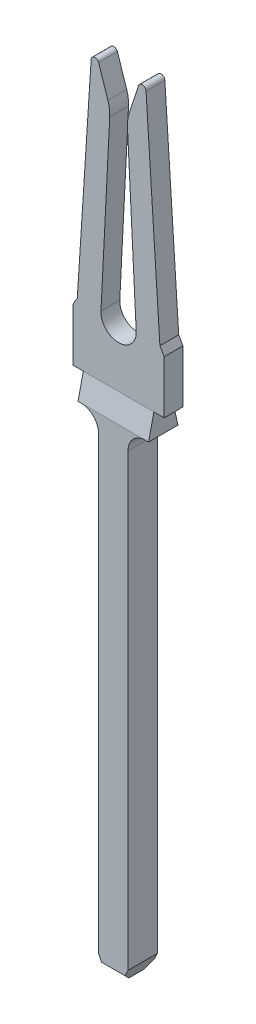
ISO-10303-21;
HEADER;
FILE_DESCRIPTION(('STEP AP214'),'2;1');
FILE_NAME('part.step','',(''),(''),'','','');
FILE_SCHEMA(('AUTOMOTIVE_DESIGN { 1 0 10303 214 1 1 1 1 }'));
ENDSEC;
DATA;
#1=APPLICATION_CONTEXT('core data for automotive mechanical design processes');
#2=APPLICATION_PROTOCOL_DEFINITION('international standard','automotive_design',2000,#1);
#3=PRODUCT_CONTEXT('',#1,'mechanical');
#4=PRODUCT('Part','Part','',(#3));
#5=PRODUCT_RELATED_PRODUCT_CATEGORY('part','',(#4));
#6=PRODUCT_DEFINITION_FORMATION('','',#4);
#7=PRODUCT_DEFINITION_CONTEXT('part definition',#1,'design');
#8=PRODUCT_DEFINITION('design','',#6,#7);
#9=PRODUCT_DEFINITION_SHAPE('','',#8);
#10=(LENGTH_UNIT() NAMED_UNIT(*) SI_UNIT(.MILLI.,.METRE.));
#11=(NAMED_UNIT(*) PLANE_ANGLE_UNIT() SI_UNIT($,.RADIAN.));
#12=(NAMED_UNIT(*) SI_UNIT($,.STERADIAN.) SOLID_ANGLE_UNIT());
#13=UNCERTAINTY_MEASURE_WITH_UNIT(LENGTH_MEASURE(1.E-05),#10,'distance_accuracy_value','');
#14=(GEOMETRIC_REPRESENTATION_CONTEXT(3) GLOBAL_UNCERTAINTY_ASSIGNED_CONTEXT((#13)) GLOBAL_UNIT_ASSIGNED_CONTEXT((#10,
#11,#12)) REPRESENTATION_CONTEXT('',''));
#15=CARTESIAN_POINT('',(0.,0.,0.));
#16=DIRECTION('',(0.,0.,1.));
#17=DIRECTION('',(1.,0.,0.));
#18=AXIS2_PLACEMENT_3D('',#15,#16,#17);
#19=CARTESIAN_POINT('',(-0.510191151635,5.91185,0.2032));
#20=DIRECTION('',(0.,0.,1.));
#21=DIRECTION('',(1.,0.,0.));
#22=AXIS2_PLACEMENT_3D('',#19,#20,#21);
#23=PLANE('',#22);
#24=DIRECTION('',(-0.0647635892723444,-0.99790063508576,0.));
#25=VECTOR('',#24,1.);
#26=CARTESIAN_POINT('',(-0.892048,1.302698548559,0.2032));
#27=LINE('',#26,#25);
#28=CARTESIAN_POINT('',(-0.892048,1.302698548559,0.2032));
#29=VERTEX_POINT('',#28);
#30=CARTESIAN_POINT('',(-0.592567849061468,5.91719623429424,0.2032));
#31=VERTEX_POINT('',#30);
#32=EDGE_CURVE('E186',#29,#31,#27,.F.);
#33=ORIENTED_EDGE('',*,*,#32,.F.);
#34=DIRECTION('',(-0.500000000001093,-0.866025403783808,0.));
#35=VECTOR('',#34,1.);
#36=CARTESIAN_POINT('',(-0.892048,1.302698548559,0.2032));
#37=LINE('',#36,#35);
#38=CARTESIAN_POINT('',(-0.984249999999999,1.143,0.2032));
#39=VERTEX_POINT('',#38);
#40=EDGE_CURVE('E178',#29,#39,#37,.T.);
#41=ORIENTED_EDGE('',*,*,#40,.T.);
#42=DIRECTION('',(0.,1.,0.));
#43=VECTOR('',#42,1.);
#44=CARTESIAN_POINT('',(-0.98425,5.91185,0.2032));
#45=LINE('',#44,#43);
#46=CARTESIAN_POINT('',(-0.98425,0.,0.2032));
#47=VERTEX_POINT('',#46);
#48=EDGE_CURVE('E161',#39,#47,#45,.F.);
#49=ORIENTED_EDGE('',*,*,#48,.T.);
#50=DIRECTION('',(1.,0.,0.));
#51=VECTOR('',#50,1.);
#52=CARTESIAN_POINT('',(-0.510191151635,0.,0.2032));
#53=LINE('',#52,#51);
#54=CARTESIAN_POINT('',(-0.762,0.,0.2032));
#55=VERTEX_POINT('',#54);
#56=EDGE_CURVE('E172',#47,#55,#53,.T.);
#57=ORIENTED_EDGE('',*,*,#56,.T.);
#58=DIRECTION('',(1.,0.,0.));
#59=VECTOR('',#58,1.);
#60=CARTESIAN_POINT('',(-0.510191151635,0.,0.2032));
#61=LINE('',#60,#59);
#62=CARTESIAN_POINT('',(0.762,0.,0.2032));
#63=VERTEX_POINT('',#62);
#64=EDGE_CURVE('E228',#55,#63,#61,.T.);
#65=ORIENTED_EDGE('',*,*,#64,.T.);
#66=DIRECTION('',(1.,0.,0.));
#67=VECTOR('',#66,1.);
#68=CARTESIAN_POINT('',(-0.510191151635,0.,0.2032));
#69=LINE('',#68,#67);
#70=CARTESIAN_POINT('',(0.98425,0.,0.2032));
#71=VERTEX_POINT('',#70);
#72=EDGE_CURVE('E192',#63,#71,#69,.T.);
#73=ORIENTED_EDGE('',*,*,#72,.T.);
#74=DIRECTION('',(0.,1.,0.));
#75=VECTOR('',#74,1.);
#76=CARTESIAN_POINT('',(0.98425,5.91185,0.2032));
#77=LINE('',#76,#75);
#78=CARTESIAN_POINT('',(0.984249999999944,1.14299999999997,0.2032));
#79=VERTEX_POINT('',#78);
#80=EDGE_CURVE('E188',#71,#79,#77,.T.);
#81=ORIENTED_EDGE('',*,*,#80,.T.);
#82=DIRECTION('',(-0.50000000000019,0.866025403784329,0.));
#83=VECTOR('',#82,1.);
#84=CARTESIAN_POINT('',(0.892048,1.302698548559,0.2032));
#85=LINE('',#84,#83);
#86=CARTESIAN_POINT('',(0.892048,1.302698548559,0.2032));
#87=VERTEX_POINT('',#86);
#88=EDGE_CURVE('E135',#87,#79,#85,.F.);
#89=ORIENTED_EDGE('',*,*,#88,.F.);
#90=DIRECTION('',(0.0647635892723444,-0.99790063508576,0.));
#91=VECTOR('',#90,1.);
#92=CARTESIAN_POINT('',(0.892048,1.302698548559,0.2032));
#93=LINE('',#92,#91);
#94=CARTESIAN_POINT('',(0.592567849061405,5.91719623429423,0.2032));
#95=VERTEX_POINT('',#94);
#96=EDGE_CURVE('E129',#87,#95,#93,.F.);
#97=ORIENTED_EDGE('',*,*,#96,.T.);
#98=CARTESIAN_POINT('',(0.510191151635,5.91185,0.2032));
#99=DIRECTION('',(0.,0.,-1.));
#100=DIRECTION('',(-1.,0.,0.));
#101=AXIS2_PLACEMENT_3D('',#98,#99,#100);
#102=CIRCLE('',#101,0.08255);
#103=CARTESIAN_POINT('',(0.431799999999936,5.93772140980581,0.2032));
#104=VERTEX_POINT('',#103);
#105=EDGE_CURVE('E20',#104,#95,#102,.T.);
#106=ORIENTED_EDGE('',*,*,#105,.F.);
#107=DIRECTION('',(0.313402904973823,0.949620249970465,0.));
#108=VECTOR('',#107,1.);
#109=CARTESIAN_POINT('',(0.4318,5.937721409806,0.2032));
#110=LINE('',#109,#108);
#111=CARTESIAN_POINT('',(0.230169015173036,5.32677344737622,0.2032));
#112=VERTEX_POINT('',#111);
#113=EDGE_CURVE('E215',#104,#112,#110,.F.);
#114=ORIENTED_EDGE('',*,*,#113,.T.);
#115=CARTESIAN_POINT('',(0.9779,5.08,0.2032));
#116=DIRECTION('',(0.,0.,-1.));
#117=DIRECTION('',(-1.,0.,0.));
#118=AXIS2_PLACEMENT_3D('',#115,#116,#117);
#119=CIRCLE('',#118,0.7874);
#120=CARTESIAN_POINT('',(0.191511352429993,5.04010444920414,0.2032));
#121=VERTEX_POINT('',#120);
#122=EDGE_CURVE('E277',#121,#112,#119,.T.);
#123=ORIENTED_EDGE('',*,*,#122,.F.);
#124=DIRECTION('',(-0.0506674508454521,0.998715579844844,0.));
#125=VECTOR('',#124,1.);
#126=CARTESIAN_POINT('',(0.19151135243,5.040104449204,0.2032));
#127=LINE('',#126,#125);
#128=CARTESIAN_POINT('',(0.380510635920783,1.31470429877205,0.2032));
#129=VERTEX_POINT('',#128);
#130=EDGE_CURVE('E210',#121,#129,#127,.F.);
#131=ORIENTED_EDGE('',*,*,#130,.T.);
#132=CARTESIAN_POINT('',(0.,1.2954,0.2032));
#133=DIRECTION('',(0.,0.,1.));
#134=DIRECTION('',(1.,0.,0.));
#135=AXIS2_PLACEMENT_3D('',#132,#133,#134);
#136=CIRCLE('',#135,0.381);
#137=CARTESIAN_POINT('',(-0.380510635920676,1.31470429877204,0.2032));
#138=VERTEX_POINT('',#137);
#139=EDGE_CURVE('E209',#129,#138,#136,.F.);
#140=ORIENTED_EDGE('',*,*,#139,.T.);
#141=DIRECTION('',(0.0506674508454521,0.998715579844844,0.));
#142=VECTOR('',#141,1.);
#143=CARTESIAN_POINT('',(-0.19151135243,5.040104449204,0.2032));
#144=LINE('',#143,#142);
#145=CARTESIAN_POINT('',(-0.191511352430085,5.04010444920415,0.2032));
#146=VERTEX_POINT('',#145);
#147=EDGE_CURVE('E205',#146,#138,#144,.F.);
#148=ORIENTED_EDGE('',*,*,#147,.F.);
#149=CARTESIAN_POINT('',(-0.9779,5.08,0.2032));
#150=DIRECTION('',(0.,0.,-1.));
#151=DIRECTION('',(-1.,0.,0.));
#152=AXIS2_PLACEMENT_3D('',#149,#150,#151);
#153=CIRCLE('',#152,0.7874);
#154=CARTESIAN_POINT('',(-0.230169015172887,5.32677344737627,0.2032));
#155=VERTEX_POINT('',#154);
#156=EDGE_CURVE('E274',#155,#146,#153,.T.);
#157=ORIENTED_EDGE('',*,*,#156,.F.);
#158=DIRECTION('',(-0.313402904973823,0.949620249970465,0.));
#159=VECTOR('',#158,1.);
#160=CARTESIAN_POINT('',(-0.4318,5.937721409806,0.2032));
#161=LINE('',#160,#159);
#162=CARTESIAN_POINT('',(-0.431799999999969,5.9377214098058,0.2032));
#163=VERTEX_POINT('',#162);
#164=EDGE_CURVE('E200',#163,#155,#161,.F.);
#165=ORIENTED_EDGE('',*,*,#164,.F.);
#166=CARTESIAN_POINT('',(-0.510191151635,5.91185,0.2032));
#167=DIRECTION('',(0.,0.,-1.));
#168=DIRECTION('',(-1.,0.,0.));
#169=AXIS2_PLACEMENT_3D('',#166,#167,#168);
#170=CIRCLE('',#169,0.08255);
#171=EDGE_CURVE('E270',#31,#163,#170,.T.);
#172=ORIENTED_EDGE('',*,*,#171,.F.);
#173=EDGE_LOOP('',(#33,#41,#49,#57,#65,#73,#81,#89,#97,#106,#114,#123,#131,#140,#148,#157,#165,#172));
#174=FACE_BOUND('',#173,.T.);
#175=ADVANCED_FACE('F17',(#174),#23,.T.);
#176=CARTESIAN_POINT('',(0.892048,1.302698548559,0.2032));
#177=DIRECTION('',(0.866025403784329,0.50000000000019,0.));
#178=DIRECTION('',(-0.50000000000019,0.866025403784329,0.));
#179=AXIS2_PLACEMENT_3D('',#176,#177,#178);
#180=PLANE('',#179);
#181=ORIENTED_EDGE('',*,*,#88,.T.);
#182=DIRECTION('',(0.,0.,1.));
#183=VECTOR('',#182,1.);
#184=CARTESIAN_POINT('',(0.98425,1.143,0.2032));
#185=LINE('',#184,#183);
#186=CARTESIAN_POINT('',(0.98425,1.143,-0.2032));
#187=VERTEX_POINT('',#186);
#188=EDGE_CURVE('E182',#79,#187,#185,.F.);
#189=ORIENTED_EDGE('',*,*,#188,.T.);
#190=DIRECTION('',(-0.500000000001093,0.866025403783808,0.));
#191=VECTOR('',#190,1.);
#192=CARTESIAN_POINT('',(0.98425,1.143,-0.2032));
#193=LINE('',#192,#191);
#194=CARTESIAN_POINT('',(0.892048,1.302698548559,-0.2032));
#195=VERTEX_POINT('',#194);
#196=EDGE_CURVE('E293',#187,#195,#193,.T.);
#197=ORIENTED_EDGE('',*,*,#196,.T.);
#198=DIRECTION('',(0.,0.,1.));
#199=VECTOR('',#198,1.);
#200=CARTESIAN_POINT('',(0.892048,1.302698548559,0.2032));
#201=LINE('',#200,#199);
#202=EDGE_CURVE('E190',#195,#87,#201,.T.);
#203=ORIENTED_EDGE('',*,*,#202,.T.);
#204=EDGE_LOOP('',(#181,#189,#197,#203));
#205=FACE_BOUND('',#204,.T.);
#206=ADVANCED_FACE('F394',(#205),#180,.T.);
#207=CARTESIAN_POINT('',(0.892048,1.302698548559,0.2032));
#208=DIRECTION('',(-0.99790063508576,-0.0647635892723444,0.));
#209=DIRECTION('',(0.0647635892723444,-0.99790063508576,0.));
#210=AXIS2_PLACEMENT_3D('',#207,#208,#209);
#211=PLANE('',#210);
#212=DIRECTION('',(0.,0.,-1.));
#213=VECTOR('',#212,1.);
#214=CARTESIAN_POINT('',(0.592567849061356,5.91719623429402,0.2032));
#215=LINE('',#214,#213);
#216=CARTESIAN_POINT('',(0.592567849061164,5.91719623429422,-0.2032));
#217=VERTEX_POINT('',#216);
#218=EDGE_CURVE('E287',#95,#217,#215,.T.);
#219=ORIENTED_EDGE('',*,*,#218,.F.);
#220=ORIENTED_EDGE('',*,*,#96,.F.);
#221=ORIENTED_EDGE('',*,*,#202,.F.);
#222=DIRECTION('',(-0.0647635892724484,0.997900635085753,0.));
#223=VECTOR('',#222,1.);
#224=CARTESIAN_POINT('',(0.892048,1.302698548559,-0.2032));
#225=LINE('',#224,#223);
#226=EDGE_CURVE('E269',#195,#217,#225,.T.);
#227=ORIENTED_EDGE('',*,*,#226,.T.);
#228=EDGE_LOOP('',(#219,#220,#221,#227));
#229=FACE_BOUND('',#228,.T.);
#230=ADVANCED_FACE('F397',(#229),#211,.F.);
#231=CARTESIAN_POINT('',(0.510191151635,5.91185,0.2032));
#232=DIRECTION('',(0.,0.,-1.));
#233=DIRECTION('',(-1.,0.,0.));
#234=AXIS2_PLACEMENT_3D('',#231,#232,#233);
#235=CYLINDRICAL_SURFACE('',#234,0.08255);
#236=ORIENTED_EDGE('',*,*,#105,.T.);
#237=ORIENTED_EDGE('',*,*,#218,.T.);
#238=CARTESIAN_POINT('',(0.510191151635,5.91185,-0.2032));
#239=DIRECTION('',(0.,0.,-1.));
#240=DIRECTION('',(-1.,0.,0.));
#241=AXIS2_PLACEMENT_3D('',#238,#239,#240);
#242=CIRCLE('',#241,0.08255);
#243=CARTESIAN_POINT('',(0.431799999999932,5.93772140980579,-0.2032));
#244=VERTEX_POINT('',#243);
#245=EDGE_CURVE('E267',#217,#244,#242,.F.);
#246=ORIENTED_EDGE('',*,*,#245,.T.);
#247=DIRECTION('',(0.,0.,1.));
#248=VECTOR('',#247,1.);
#249=CARTESIAN_POINT('',(0.4318,5.937721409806,0.2032));
#250=LINE('',#249,#248);
#251=EDGE_CURVE('E218',#244,#104,#250,.T.);
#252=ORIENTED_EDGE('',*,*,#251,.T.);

# TASK ITEM:
Your task is to restate, word for word, only those lines above that fall between the line holding "#85=LINE('',#84,#83);" and the line holding "#133=DIRECTION('',(0.,0.,1.));", inclusive.

# OUTPUT FOR THIS TASK:
#85=LINE('',#84,#83);
#86=CARTESIAN_POINT('',(0.892048,1.302698548559,0.2032));
#87=VERTEX_POINT('',#86);
#88=EDGE_CURVE('E135',#87,#79,#85,.F.);
#89=ORIENTED_EDGE('',*,*,#88,.F.);
#90=DIRECTION('',(0.0647635892723444,-0.99790063508576,0.));
#91=VECTOR('',#90,1.);
#92=CARTESIAN_POINT('',(0.892048,1.302698548559,0.2032));
#93=LINE('',#92,#91);
#94=CARTESIAN_POINT('',(0.592567849061405,5.91719623429423,0.2032));
#95=VERTEX_POINT('',#94);
#96=EDGE_CURVE('E129',#87,#95,#93,.F.);
#97=ORIENTED_EDGE('',*,*,#96,.T.);
#98=CARTESIAN_POINT('',(0.510191151635,5.91185,0.2032));
#99=DIRECTION('',(0.,0.,-1.));
#100=DIRECTION('',(-1.,0.,0.));
#101=AXIS2_PLACEMENT_3D('',#98,#99,#100);
#102=CIRCLE('',#101,0.08255);
#103=CARTESIAN_POINT('',(0.431799999999936,5.93772140980581,0.2032));
#104=VERTEX_POINT('',#103);
#105=EDGE_CURVE('E20',#104,#95,#102,.T.);
#106=ORIENTED_EDGE('',*,*,#105,.F.);
#107=DIRECTION('',(0.313402904973823,0.949620249970465,0.));
#108=VECTOR('',#107,1.);
#109=CARTESIAN_POINT('',(0.4318,5.937721409806,0.2032));
#110=LINE('',#109,#108);
#111=CARTESIAN_POINT('',(0.230169015173036,5.32677344737622,0.2032));
#112=VERTEX_POINT('',#111);
#113=EDGE_CURVE('E215',#104,#112,#110,.F.);
#114=ORIENTED_EDGE('',*,*,#113,.T.);
#115=CARTESIAN_POINT('',(0.9779,5.08,0.2032));
#116=DIRECTION('',(0.,0.,-1.));
#117=DIRECTION('',(-1.,0.,0.));
#118=AXIS2_PLACEMENT_3D('',#115,#116,#117);
#119=CIRCLE('',#118,0.7874);
#120=CARTESIAN_POINT('',(0.191511352429993,5.04010444920414,0.2032));
#121=VERTEX_POINT('',#120);
#122=EDGE_CURVE('E277',#121,#112,#119,.T.);
#123=ORIENTED_EDGE('',*,*,#122,.F.);
#124=DIRECTION('',(-0.0506674508454521,0.998715579844844,0.));
#125=VECTOR('',#124,1.);
#126=CARTESIAN_POINT('',(0.19151135243,5.040104449204,0.2032));
#127=LINE('',#126,#125);
#128=CARTESIAN_POINT('',(0.380510635920783,1.31470429877205,0.2032));
#129=VERTEX_POINT('',#128);
#130=EDGE_CURVE('E210',#121,#129,#127,.F.);
#131=ORIENTED_EDGE('',*,*,#130,.T.);
#132=CARTESIAN_POINT('',(0.,1.2954,0.2032));
#133=DIRECTION('',(0.,0.,1.));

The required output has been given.